ベトナムにレアアース磁石用合金の原料製造会社を設立

2008年10月8日

-高性能ネオジム系磁石用合金の原料調達体制を強化-

昭和電工株式会社(社長:高橋 恭平)は、ベトナム社会主義共和国ハーナム省に、当社90%出資の子会社「昭和電工レアアースベトナム有限会社」(以下、新会社)を10月に設立いたしました。
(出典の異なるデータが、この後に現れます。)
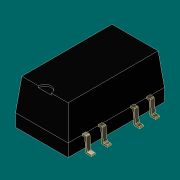
# Autodesk Inventor part: PDS1-M
Saved by Autodesk Inventor 2016 SP1 (Build 200210100, 210)
## iProperties
Created: 2016-04-06
Part Number: PDS1-M
Material: ABS Plastic
Document SubType Name: Modeling
Designer: sawai
Density: 1.06 g/cm^3
Appearance: Smooth - Black
Author: sawai
Autodesk Inventor part; units mm, degrees
ref_plane "YZ Plane" through (0, 0, 0) normal (1, 0, 0) x (0, 1, 0)
ref_plane "XZ Plane" through (0, 0, 0) normal (0, 1, 0) x (-1, 0, 0)
sketch "Sketch1" plane through (0, 0, 0) normal (0, 1, 0) x (-1, 0, 0)
  line L0 (-4.15, 7.62) -> (4.15, 7.62)
  line L1 (4.15, 7.62) -> (4.15, -7.62)
  line L2 (4.15, -7.62) -> (-4.15, -7.62)
  line L3 (-4.15, -7.62) -> (-4.15, 7.62)
  line L4 (-4.15, 7.62) -> (4.15, -7.62) construction
  line L5 (4.15, 7.62) -> (-4.15, -7.62) construction
  point P0 (0, 0)
  dimension "d0" = 8.3
  dimension "d1" = 15.24
  constraints: 12 end point, 2 midpoint, 2 parallel, 1 horizontal, 1 perpendicular
  measures "d0" distance of L1.end L2.end
  measures "d1" distance of L0.end L1.end
extrude "Extrusion1" add sketch "Sketch1" along normal blind 7
chamfer "Chamfer1" distance 0.5 distance2 5 1 edges at (4.15, 7, 0) measured on face at (3.65, 7, 0)
chamfer "Chamfer2" distance 0.5 distance2 5 1 edges at (-4.15, 7, 0) measured on face at (-3.65, 7, 0)
chamfer "Chamfer3" distance 0.5 distance2 5 1 edges at (0, 7, 7.62) measured on face at (0, 7, 7.12)
chamfer "Chamfer4" distance 0.5 distance2 5 1 edges at (0, 7, -7.62) measured on face at (0, 7, -7.12)
sketch "Sketch2" plane through (0, 7, 0) normal (0, 1, 0) x (1, 0, 0)
  line L0 (-3.65, 7.12) -> (3.65, 7.12) projected
  line L1 (-3.65, -7.12) -> (-3.65, 7.12) projected
  line L2 (3.65, -7.12) -> (-3.65, -7.12) projected
  line L3 (3.65, 7.12) -> (3.65, -7.12) projected
  line L4 (3.65, -7.12) -> (-3.65, -7.12) projected
  circle A0 centre (0, -7.12) radius 1
  point P0 (0, 0)
  dimension "d16" = 2
  constraints: 1 centre point, 1 midpoint
  measures "d16" diameter of A0
extrude "Extrusion2" cut sketch "Sketch2" against normal blind 0.25 contours A0 L2 | L2 A0
ref_plane "Work Plane1" through (0, 0, 5.08) normal (0, 0, 1) x (1, 0, 0)
sketch "Sketch3" plane through (0, 0, 5.08) normal (0, 0, 1) x (1, 0, 0)
  line L0 (-4.15, 2) -> (4.15, 2) projected
  line L1 (-4.15, 0) -> (-4.15, 2) projected
  line L2 (4.15, 0) -> (-4.15, 0) projected
  line L3 (4.15, 0) -> (4.15, 2) projected
  ellipse E0 centre (0, 7) end of major axis (0, 17) minor radius 1 (0.9997, 6.75) -> (1, 7) ccw projected
  line L4 (0.9997, 6.75) -> (-0.9997, 6.75) projected
  ellipse E1 centre (0, 7) end of major axis (0, 17) minor radius 1 (-1, 7) -> (-0.9997, 6.75) ccw projected
  line L5 (-1, 7) -> (-3.65, 7) projected
  line L6 (-3.65, 7) -> (-4.15, 2) projected
  line L7 (-4.15, 2) -> (4.15, 2) projected
  line L8 (4.15, 2) -> (3.65, 7) projected
  line L9 (3.65, 7) -> (1, 7) projected
  line L10 (4.15, 1.875) -> (4.5341, 1.875)
  line L11 (4.5341, 1.875) -> (4.72, -0.25)
  line L12 (4.72, -0.25) -> (5.6, -0.25)
  line L13 (5.6, -0.25) -> (5.6, 0)
  line L14 (5.6, 0) -> (4.9491, 0)
  line L15 (4.9491, 0) -> (4.7632, 2.125)
  line L16 (4.7632, 2.125) -> (4.1375, 2.125)
  line L17 (4.15, 2) -> (3.65, 7) projected
  line L18 (4.1375, 2.125) -> (4.15, 2)
  line L19 (4.15, 2) -> (4.15, 1.875)
  line L20 (4.15, 0) -> (4.15, 2) projected
  point P0 (0, 0)
  dimension "d20" = 0.25
  dimension "d21" = 0.125
  dimension "d22" = 0.25
  dimension "d23" = 0.25
  dimension "d24" = 0.25
  dimension "d25" = 0.57
  dimension "d26" = 1.45
  dimension "d27" = 95
  constraints: 18 end point, 3 parallel, 2 collinear, 2 perpendicular, 2 point on line, 1 horizontal, 2 other
  measures "d20" distance between parallel lines of L16 L10
  measures "d21" distance between parallel lines of L0 L10
  measures "d22" distance between parallel lines of L15 L11
  measures "d23" distance between parallel lines of L2 L12
  measures "d24" distance between parallel lines of L12 L14
  measures "d25" distance from line of L3 L11.end
  measures "d26" distance from line of L3 L12.end
  measures "d27" angle of L10 L11
extrude "Extrusion3" add sketch "Sketch3" along normal mid plane 0.6 separate body contours L8 L16 L15 L14 L13 L12 L11 L10 L3
fillet "Fillet1" radius 0.1 5 edges at (4.7632, 2.125, 5.08) (4.5341, 1.875, 5.08) (4.9491, 0, 5.08) (4.72, -0.25, 5.08) (5.6, 0, 5.08)
pattern_linear "Rectangular Pattern1" count 5 spacing 2.54 along (0, 0, -1) of "Extrusion3", "Fillet1" bodies 2
mirror "Mirror1" about plane through (0, 0, 0) normal (1, 0, 0) of "Extrusion3", "Rectangular Pattern1", "Fillet1" bodies 2
sketch "Sketch4" plane through (4.72, -0.25, 0.3) normal (0, -1, 0) x (1, 0, 0)
  line L0 (3.3959, -1.0729) -> (-2.0663, -1.0729)
  line L1 (-2.0663, -1.0729) -> (-2.0663, 0.5586)
  line L2 (-2.0663, 0.5586) -> (3.3959, 0.5586)
  line L3 (3.3959, 0.5586) -> (3.3959, -1.0729)
  line L4 (-11.2171, -4.2651) -> (-6.3934, -4.2651)
  line L5 (-6.3934, -4.2651) -> (-6.3934, -6.7479)
  line L6 (-6.3934, -6.7479) -> (-11.2171, -6.7479)
  line L7 (-11.2171, -6.7479) -> (-11.2171, -4.2651)
  line L8 (-13.0615, 3.538) -> (-5.8968, 3.538)
  line L9 (-5.8968, 3.538) -> (-5.8968, -1.5695)
  line L10 (-5.8968, -1.5695) -> (-13.0615, -1.5695)
  line L11 (-13.0615, -1.5695) -> (-13.0615, 3.538)
  constraints: 24 end point, 6 parallel, 3 horizontal, 3 perpendicular
extrude "Extrusion4" cut sketch "Sketch4" along normal through all both and the other way through all bodies 2
body "Solid1"
body "Solid2"
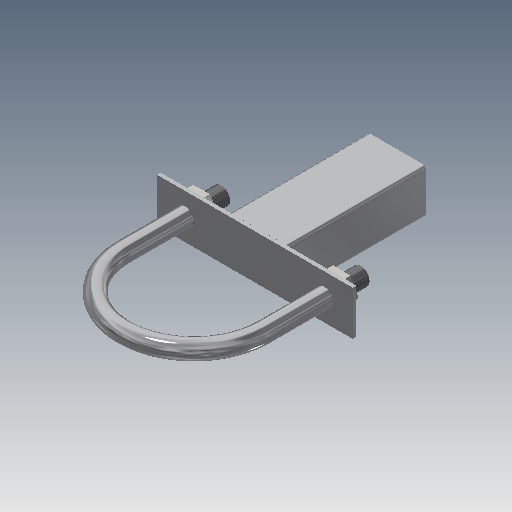
# Autodesk Inventor part: Pipe Support Valve U-Ring
Saved by Autodesk Inventor 2020 (Build 240152000, 152)
## iProperties
Created: 2007-10-29
Part Number: Pipe Support Valve U-Ring
Material: Stainless Steel
Document SubType Name: Modeling
Designer: Demir Ali
Mass: 4268.72 g
Surface Area: 1880.89 cm^2
Volume: 533.589 cm^3
Density: 8 g/cm^3
Appearance: Aluminum - Polished
Description: Pipe Support
Stock Number: NA
Author: Demir Ali
Title: Manufactured Part
Revision Number: A
Autodesk Inventor part; units mm, degrees
ref_plane "YZ Plane" through (0, 0, 0) normal (1, 0, 0) x (0, 1, 0)
sketch "Sketch1" plane through (0, 0, 0) normal (0, 1, 0) x (-1, 0, 0)
  arc A0 (-82.5, 275) -> (82.5, 275) centre (0, 275) ccw construction
  line L0 (82.5, 192.5) -> (-82.5, 192.5) construction
  line L1 (82.5, 275) -> (82.5, 142.5)
  line L2 (-82.5, 275) -> (-82.5, 142.5)
  arc A1 (82.5, 275) -> (-82.5, 275) centre (0, 275) ccw
  line L3 (82.5, 142.5) -> (-82.5, 142.5) construction
  point P0 (0, 0)
  dimension "Thread" = 50
  dimension "d13" = 275
  constraints: 8 end point, 4 point on circle, 3 perpendicular, 3 tangent, 3 vertical alignment, 2 centre point, 2 point on line, 1 horizontal, 1 other
  measures "Thread" distance between parallel lines of L3 L0
  measures "d13" distance of point (0, 0) A0.centre
ref_plane "Work Plane1" through (-82.5, 0, 142.5) normal (0, 0, -1) x (-1, 0, 0)
sketch "Sketch2" plane through (-82.5, 0, 142.5) normal (0, 0, -1) x (-1, 0, 0)
  circle A0 centre (12, 0) radius 12
  point P0 (-82.5, 0)
  point P1 (0, 0)
  dimension "d2" = 24
  constraints: 2 horizontal alignment, 2 other
sweep "Sweep1" add profiles "Sketch2" path "Sketch1"
thread "Thread1"
thread "Thread2"
chamfer "Chamfer1" distance 1 angle 45 4 edges at (82.5, 0, 142.5) (82.5, 0, 275) (-82.5, 0, 275) (-82.5, 0, 142.5)
ref_plane "Work Plane3" through (-82.5, 0, 192.5) normal (0, 0, 1) x (1, 0, 0)
sketch "Sketch3" plane through (-82.5, 0, 192.5) normal (0, 0, 1) x (1, 0, 0)
  line L0 (215, -30) -> (-50, -30)
  line L1 (-50, -30) -> (-50, 30)
  line L2 (-50, 30) -> (215, 30)
  line L3 (215, 30) -> (215, -30)
  line L4 (215, -30) -> (-50, 30) construction
  line L5 (-50, -30) -> (215, 30) construction
  circle A0 centre (-12, 0) radius 12 projected
  circle A1 centre (177, 0) radius 12 projected
  line L6 (117.5, -30) -> (47.5, -30)
  line L7 (42.5, -25) -> (42.5, 25)
  line L8 (47.5, 30) -> (117.5, 30)
  line L9 (122.5, 25) -> (122.5, -25)
  line L10 (122.5, -30) -> (42.5, 30) construction
  line L11 (42.5, -30) -> (122.5, 30) construction
  arc A2 (42.5, -25) -> (47.5, -30) centre (47.5, -25) ccw
  arc A3 (47.5, 30) -> (42.5, 25) centre (47.5, 25) ccw
  arc A4 (122.5, 25) -> (117.5, 30) centre (117.5, 25) ccw
  arc A5 (117.5, -30) -> (122.5, -25) centre (117.5, -25) ccw
  line L12 (46, 25) -> (46, -25)
  arc A6 (46, -25) -> (47.5, -26.5) centre (47.5, -25) ccw
  line L13 (47.5, -26.5) -> (117.5, -26.5)
  arc A7 (117.5, -26.5) -> (119, -25) centre (117.5, -25) ccw
  line L14 (119, -25) -> (119, 25)
  arc A8 (119, 25) -> (117.5, 26.5) centre (117.5, 25) ccw
  line L15 (117.5, 26.5) -> (47.5, 26.5)
  arc A9 (47.5, 26.5) -> (46, 25) centre (47.5, 25) ccw
  line L16 (0.1619, -19.6321) -> (-22.921, -20.3486)
  line L17 (-22.921, -20.3486) -> (-35.0829, -0.7165)
  line L18 (-35.0829, -0.7165) -> (-24.1619, 19.6321)
  line L19 (-24.1619, 19.6321) -> (-1.079, 20.3486)
  line L20 (-1.079, 20.3486) -> (11.0829, 0.7165)
  line L21 (11.0829, 0.7165) -> (0.1619, -19.6321)
  point P0 (82.5, 0)
  point P1 (-12, 0)
  dimension "d15" = 265
  dimension "d16" = 60
  dimension "d21" = 80
  dimension "d22" = 60
  dimension "d23" = 5
  dimension "d24" = 3.5
  dimension "d27" = 40
  constraints: 44 end point, 16 point on circle, 8 centre point, 8 point on line, 8 tangent, 6 parallel, 4 midpoint, 3 equal radius, 3 perpendicular, 2 horizontal, 1 coincident, 20 other
  measures "d15" distance of L1.end L2.end
  measures "d16" distance of L0.end L1.end
  measures "d21" distance of L10.end L11.end
  measures "d22" distance of L11.start L10.end
  measures "d23" radius of A2
  measures "d24" distance between parallel lines of L7 L12
  measures "d27" distance between parallel lines of L19 L16
extrude "Extrusion1" add sketch "Sketch3" against normal blind 5 separate body contours L0 A5 L9 A4 L2 L3 | L0 A2 L7 A3 L2 A4 L9 A5 | L0 L1 L2 A3 L7 A2 | A0 | A1 | A9 L15 A8 L14 A7 L13 A6 L12 | L16 L17 L18 L19 L20 L21
extrude "Extrusion2" cut sketch "Sketch3" against normal through all contours A0 | A1 bodies 2
extrude "Extrusion3" add sketch "Sketch3" against normal up to surface (187.5 mm away) from surface at -5 separate body contours L0 A2 L7 A3 L2 A4 L9 A5
extrude "Extrusion4" add sketch "Sketch3" against normal blind 18 from surface at -5 separate body contours L16 L17 L18 L19 L20 L21
mirror "Mirror1" about plane through (0, 0, 0) normal (1, 0, 0) bodies 4
equation "\"d4\" = Thread"
equation "\"d6\" = Thread"
body "Solid1"
body "Solid2"
body "Solid3"
body "Solid4"
body "Solid5"

新会社では、11月より生産設備の建設工事に着手し、2010年4月から高性能ネオジム系磁石合金の原料であるジジムメタル(ネオジム(※1)とプラセオジム(※2)を主成分とする合金)ならびにジスプロシウムメタル(※2)、あわせて年800トンの生産を開始いたします。

高性能ネオジム系磁石は自動車向けやエレクトロニクス向けに使用されており、近い将来には風力発電向けの需要拡大も予想されるなど地球環境維持関連材料として注目を集めています。これらの拡大する用途に対応して、ネオジム系磁石の高温下での磁力特性を確保するために少量添加する必要があるジスプロシウム系の希少元素の需要も増加しています。世界のジスプロシウムの供給は、現状、江西省等の中国南部で産出されるイオン吸着鉱(※3)からの精製に主に頼っており、その安定調達と資源リサイクルは大きな課題となっています。

当社は、ベトナム国内外のレアアース混合原料やレアアース酸化物など複数種類の原料に対応可能な分離精製工程と、ジジムメタルやジスプロシウムメタル生産のための電解工程から構成される工場を建設し稼動させることにより、高性能ネオジム系磁石合金用主原料の安定調達を図ります。新会社は、2010 年に売上高20億円を目指します。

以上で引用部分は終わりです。